Paul Krugman comments on a blog by Jonathan Portes supporting macroeconomics against criticisms levelled by Diane Coyle. Portes:

Essentially that she is arguing that macroeconomists (and macroeconomics) have so little credibility in general that it is no longer possible for someone like me, or Professor Krugman, to dismiss the arguments of those who disagree with us on the basis of either macroeconomic theory or empirical evidence; and that therefore macroeconomics has – and deserves – little influence on policy. She contrasts this very sharply with microeconomics, arguing that macroeconomics “does not stand on the same kind of increasingly sound empirical footing.”

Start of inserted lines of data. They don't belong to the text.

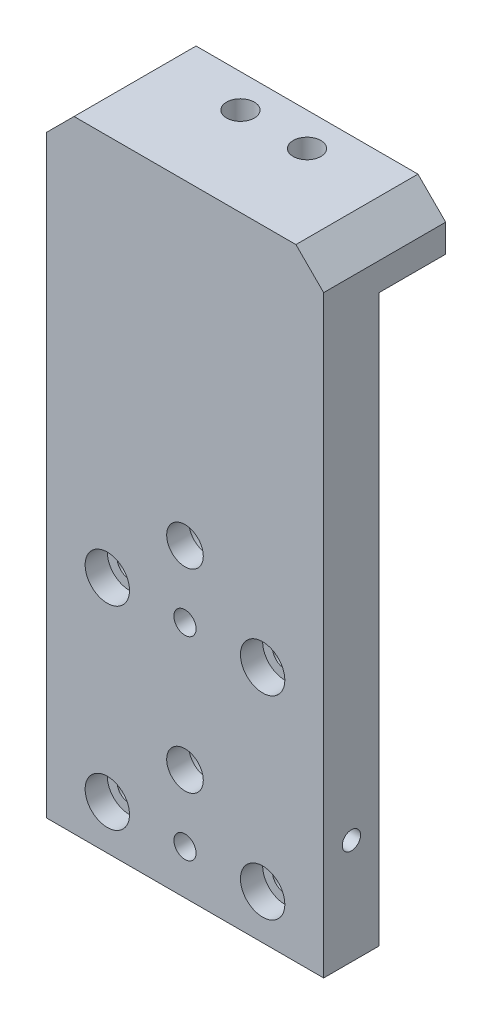
ISO-10303-21;
HEADER;
FILE_DESCRIPTION(('STEP AP214'),'2;1');
FILE_NAME('part.step','',(''),(''),'','','');
FILE_SCHEMA(('AUTOMOTIVE_DESIGN { 1 0 10303 214 1 1 1 1 }'));
ENDSEC;
DATA;
#1=APPLICATION_CONTEXT('core data for automotive mechanical design processes');
#2=APPLICATION_PROTOCOL_DEFINITION('international standard','automotive_design',2000,#1);
#3=PRODUCT_CONTEXT('',#1,'mechanical');
#4=PRODUCT('Part','Part','',(#3));
#5=PRODUCT_RELATED_PRODUCT_CATEGORY('part','',(#4));
#6=PRODUCT_DEFINITION_FORMATION('','',#4);
#7=PRODUCT_DEFINITION_CONTEXT('part definition',#1,'design');
#8=PRODUCT_DEFINITION('design','',#6,#7);
#9=PRODUCT_DEFINITION_SHAPE('','',#8);
#10=(LENGTH_UNIT() NAMED_UNIT(*) SI_UNIT(.MILLI.,.METRE.));
#11=(NAMED_UNIT(*) PLANE_ANGLE_UNIT() SI_UNIT($,.RADIAN.));
#12=(NAMED_UNIT(*) SI_UNIT($,.STERADIAN.) SOLID_ANGLE_UNIT());
#13=UNCERTAINTY_MEASURE_WITH_UNIT(LENGTH_MEASURE(1.E-05),#10,'distance_accuracy_value','');
#14=(GEOMETRIC_REPRESENTATION_CONTEXT(3) GLOBAL_UNCERTAINTY_ASSIGNED_CONTEXT((#13)) GLOBAL_UNIT_ASSIGNED_CONTEXT((#10,
#11,#12)) REPRESENTATION_CONTEXT('',''));
#15=CARTESIAN_POINT('',(0.,0.,0.));
#16=DIRECTION('',(0.,0.,1.));
#17=DIRECTION('',(1.,0.,0.));
#18=AXIS2_PLACEMENT_3D('',#15,#16,#17);
#19=CARTESIAN_POINT('',(0.,0.,0.));
#20=DIRECTION('',(0.,0.,1.));
#21=DIRECTION('',(1.,0.,0.));
#22=AXIS2_PLACEMENT_3D('',#19,#20,#21);
#23=PLANE('',#22);
#24=CARTESIAN_POINT('',(4.32330827067674,-79.8458646616541,0.));
#25=DIRECTION('',(0.,0.,1.));
#26=DIRECTION('',(1.,0.,0.));
#27=AXIS2_PLACEMENT_3D('',#24,#25,#26);
#28=CIRCLE('',#27,2.);
#29=CARTESIAN_POINT('',(6.32330827067674,-79.8458646616541,0.));
#30=VERTEX_POINT('',#29);
#31=EDGE_CURVE('E194',#30,#30,#28,.T.);
#32=ORIENTED_EDGE('',*,*,#31,.T.);
#33=EDGE_LOOP('',(#32));
#34=FACE_BOUND('',#33,.T.);
#35=CARTESIAN_POINT('',(18.3233082706767,-44.8458646616541,0.));
#36=DIRECTION('',(0.,0.,1.));
#37=DIRECTION('',(1.,0.,0.));
#38=AXIS2_PLACEMENT_3D('',#35,#36,#37);
#39=CIRCLE('',#38,2.25);
#40=CARTESIAN_POINT('',(20.5733082706767,-44.8458646616541,0.));
#41=VERTEX_POINT('',#40);
#42=EDGE_CURVE('E193',#41,#41,#39,.T.);
#43=ORIENTED_EDGE('',*,*,#42,.T.);
#44=EDGE_LOOP('',(#43));
#45=FACE_BOUND('',#44,.T.);
#46=CARTESIAN_POINT('',(-9.67669172932327,-44.8458646616541,0.));
#47=DIRECTION('',(0.,0.,1.));
#48=DIRECTION('',(1.,0.,0.));
#49=AXIS2_PLACEMENT_3D('',#46,#47,#48);
#50=CIRCLE('',#49,2.25);
#51=CARTESIAN_POINT('',(-7.42669172932326,-44.8458646616541,0.));
#52=VERTEX_POINT('',#51);
#53=EDGE_CURVE('E199',#52,#52,#50,.T.);
#54=ORIENTED_EDGE('',*,*,#53,.T.);
#55=EDGE_LOOP('',(#54));
#56=FACE_BOUND('',#55,.T.);
#57=CARTESIAN_POINT('',(-9.67669172932327,-79.8458646616541,0.));
#58=DIRECTION('',(0.,0.,1.));
#59=DIRECTION('',(1.,0.,0.));
#60=AXIS2_PLACEMENT_3D('',#57,#58,#59);
#61=CIRCLE('',#60,2.25);
#62=CARTESIAN_POINT('',(-7.42669172932326,-79.8458646616541,0.));
#63=VERTEX_POINT('',#62);
#64=EDGE_CURVE('E202',#63,#63,#61,.T.);
#65=ORIENTED_EDGE('',*,*,#64,.T.);
#66=EDGE_LOOP('',(#65));
#67=FACE_BOUND('',#66,.T.);
#68=CARTESIAN_POINT('',(18.3233082706767,-79.8458646616541,0.));
#69=DIRECTION('',(0.,0.,1.));
#70=DIRECTION('',(1.,0.,0.));
#71=AXIS2_PLACEMENT_3D('',#68,#69,#70);
#72=CIRCLE('',#71,2.25);
#73=CARTESIAN_POINT('',(20.5733082706767,-79.8458646616541,0.));
#74=VERTEX_POINT('',#73);
#75=EDGE_CURVE('E205',#74,#74,#72,.T.);
#76=ORIENTED_EDGE('',*,*,#75,.T.);
#77=EDGE_LOOP('',(#76));
#78=FACE_BOUND('',#77,.T.);
#79=CARTESIAN_POINT('',(4.32330827067674,-44.8458646616541,0.));
#80=DIRECTION('',(0.,0.,1.));
#81=DIRECTION('',(1.,0.,0.));
#82=AXIS2_PLACEMENT_3D('',#79,#80,#81);
#83=CIRCLE('',#82,2.);
#84=CARTESIAN_POINT('',(6.32330827067674,-44.8458646616541,0.));
#85=VERTEX_POINT('',#84);
#86=EDGE_CURVE('E211',#85,#85,#83,.T.);
#87=ORIENTED_EDGE('',*,*,#86,.T.);
#88=EDGE_LOOP('',(#87));
#89=FACE_BOUND('',#88,.T.);
#90=CARTESIAN_POINT('',(4.32330827067674,-32.8458646616541,0.));
#91=DIRECTION('',(0.,0.,-1.));
#92=DIRECTION('',(-1.,0.,0.));
#93=AXIS2_PLACEMENT_3D('',#90,#91,#92);
#94=CIRCLE('',#93,5.5);
#95=CARTESIAN_POINT('',(-1.17669172932326,-32.8458646616541,0.));
#96=VERTEX_POINT('',#95);
#97=EDGE_CURVE('E187',#96,#96,#94,.T.);
#98=ORIENTED_EDGE('',*,*,#97,.F.);
#99=EDGE_LOOP('',(#98));
#100=FACE_BOUND('',#99,.T.);
#101=CARTESIAN_POINT('',(4.32330827067674,-67.8458646616541,0.));
#102=DIRECTION('',(0.,0.,-1.));
#103=DIRECTION('',(-1.,0.,0.));
#104=AXIS2_PLACEMENT_3D('',#101,#102,#103);
#105=CIRCLE('',#104,5.5);
#106=CARTESIAN_POINT('',(-1.17669172932326,-67.8458646616541,0.));
#107=VERTEX_POINT('',#106);
#108=EDGE_CURVE('E180',#107,#107,#105,.T.);
#109=ORIENTED_EDGE('',*,*,#108,.F.);
#110=EDGE_LOOP('',(#109));
#111=FACE_BOUND('',#110,.T.);
#112=DIRECTION('',(-1.,0.,0.));
#113=VECTOR('',#112,1.);
#114=CARTESIAN_POINT('',(29.3233082706767,14.1541353383459,0.));
#115=LINE('',#114,#113);
#116=CARTESIAN_POINT('',(29.3233082706767,14.1541353383459,0.));
#117=VERTEX_POINT('',#116);
#118=CARTESIAN_POINT('',(-20.6766917293233,14.1541353383459,0.));
#119=VERTEX_POINT('',#118);
#120=EDGE_CURVE('E130',#117,#119,#115,.T.);
#121=ORIENTED_EDGE('',*,*,#120,.F.);
#122=DIRECTION('',(0.,1.,0.));
#123=VECTOR('',#122,1.);
#124=CARTESIAN_POINT('',(29.3233082706767,24.1541353383459,0.));
#125=LINE('',#124,#123);
#126=CARTESIAN_POINT('',(29.3233082706767,-87.8458646616541,0.));
#127=VERTEX_POINT('',#126);
#128=EDGE_CURVE('E224',#127,#117,#125,.T.);
#129=ORIENTED_EDGE('',*,*,#128,.F.);
#130=DIRECTION('',(1.,0.,0.));
#131=VECTOR('',#130,1.);
#132=CARTESIAN_POINT('',(-20.6766917293233,-87.8458646616541,0.));
#133=LINE('',#132,#131);
#134=CARTESIAN_POINT('',(-20.6766917293233,-87.8458646616541,0.));
#135=VERTEX_POINT('',#134);
#136=EDGE_CURVE('E232',#135,#127,#133,.T.);
#137=ORIENTED_EDGE('',*,*,#136,.F.);
#138=DIRECTION('',(0.,-1.,0.));
#139=VECTOR('',#138,1.);
#140=CARTESIAN_POINT('',(-20.6766917293233,24.1541353383459,0.));
#141=LINE('',#140,#139);
#142=EDGE_CURVE('E220',#119,#135,#141,.T.);
#143=ORIENTED_EDGE('',*,*,#142,.F.);
#144=EDGE_LOOP('',(#121,#129,#137,#143));
#145=FACE_BOUND('',#144,.T.);
#146=ADVANCED_FACE('F35',(#34,#45,#56,#67,#78,#89,#100,#111,#145),#23,.F.);
#147=CARTESIAN_POINT('',(18.3233082706767,-79.8458646616541,10.));
#148=DIRECTION('',(0.,0.,-1.));
#149=DIRECTION('',(-1.,0.,0.));
#150=AXIS2_PLACEMENT_3D('',#147,#148,#149);
#151=CYLINDRICAL_SURFACE('',#150,2.25);
#152=ORIENTED_EDGE('',*,*,#75,.F.);
#153=EDGE_LOOP('',(#152));
#154=FACE_BOUND('',#153,.T.);
#155=CARTESIAN_POINT('',(18.3233082706767,-79.8458646616541,6.));
#156=DIRECTION('',(0.,0.,1.));
#157=DIRECTION('',(1.,0.,0.));
#158=AXIS2_PLACEMENT_3D('',#155,#156,#157);
#159=CIRCLE('',#158,2.25);
#160=CARTESIAN_POINT('',(20.5733082706767,-79.8458646616541,6.));
#161=VERTEX_POINT('',#160);
#162=EDGE_CURVE('E175',#161,#161,#159,.T.);
#163=ORIENTED_EDGE('',*,*,#162,.T.);
#164=EDGE_LOOP('',(#163));
#165=FACE_BOUND('',#164,.T.);
#166=ADVANCED_FACE('F309',(#154,#165),#151,.F.);
#167=CARTESIAN_POINT('',(-9.67669172932327,-79.8458646616541,10.));
#168=DIRECTION('',(0.,0.,-1.));
#169=DIRECTION('',(-1.,0.,0.));
#170=AXIS2_PLACEMENT_3D('',#167,#168,#169);
#171=CYLINDRICAL_SURFACE('',#170,2.25);
#172=ORIENTED_EDGE('',*,*,#64,.F.);
#173=EDGE_LOOP('',(#172));
#174=FACE_BOUND('',#173,.T.);
#175=CARTESIAN_POINT('',(-9.67669172932327,-79.8458646616541,6.));
#176=DIRECTION('',(0.,0.,1.));
#177=DIRECTION('',(1.,0.,0.));
#178=AXIS2_PLACEMENT_3D('',#175,#176,#177);
#179=CIRCLE('',#178,2.25);
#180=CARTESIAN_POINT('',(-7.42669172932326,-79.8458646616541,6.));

Krugman responds to Coyle by saying that in fact the basic findings of macro, particularly the ISLM model, have been borne out by the crisis. But saying that the ISLM model is valid under certain circumstances doesn’t prove that macroeconomics is spectacularly successful. One of the main criticisms of conventional macroeconomics by people like Steve Keen is that it had limited ability to cope with disequilibrium and crisis. Minsky was completely unknown to mainstream economists until his “moment” came, and by then it was too late. Neoclassical economics had little to say about the dynamics of capitalism or indeed about debt — the defining feature of the crisis.

It is this blindness, this wholehearted love of equilibrium, that explains why so few economists saw the crisis coming. Those that did foresee some sort of crisis, like Keen and Anne Pettifor, were completely outside the mainstream.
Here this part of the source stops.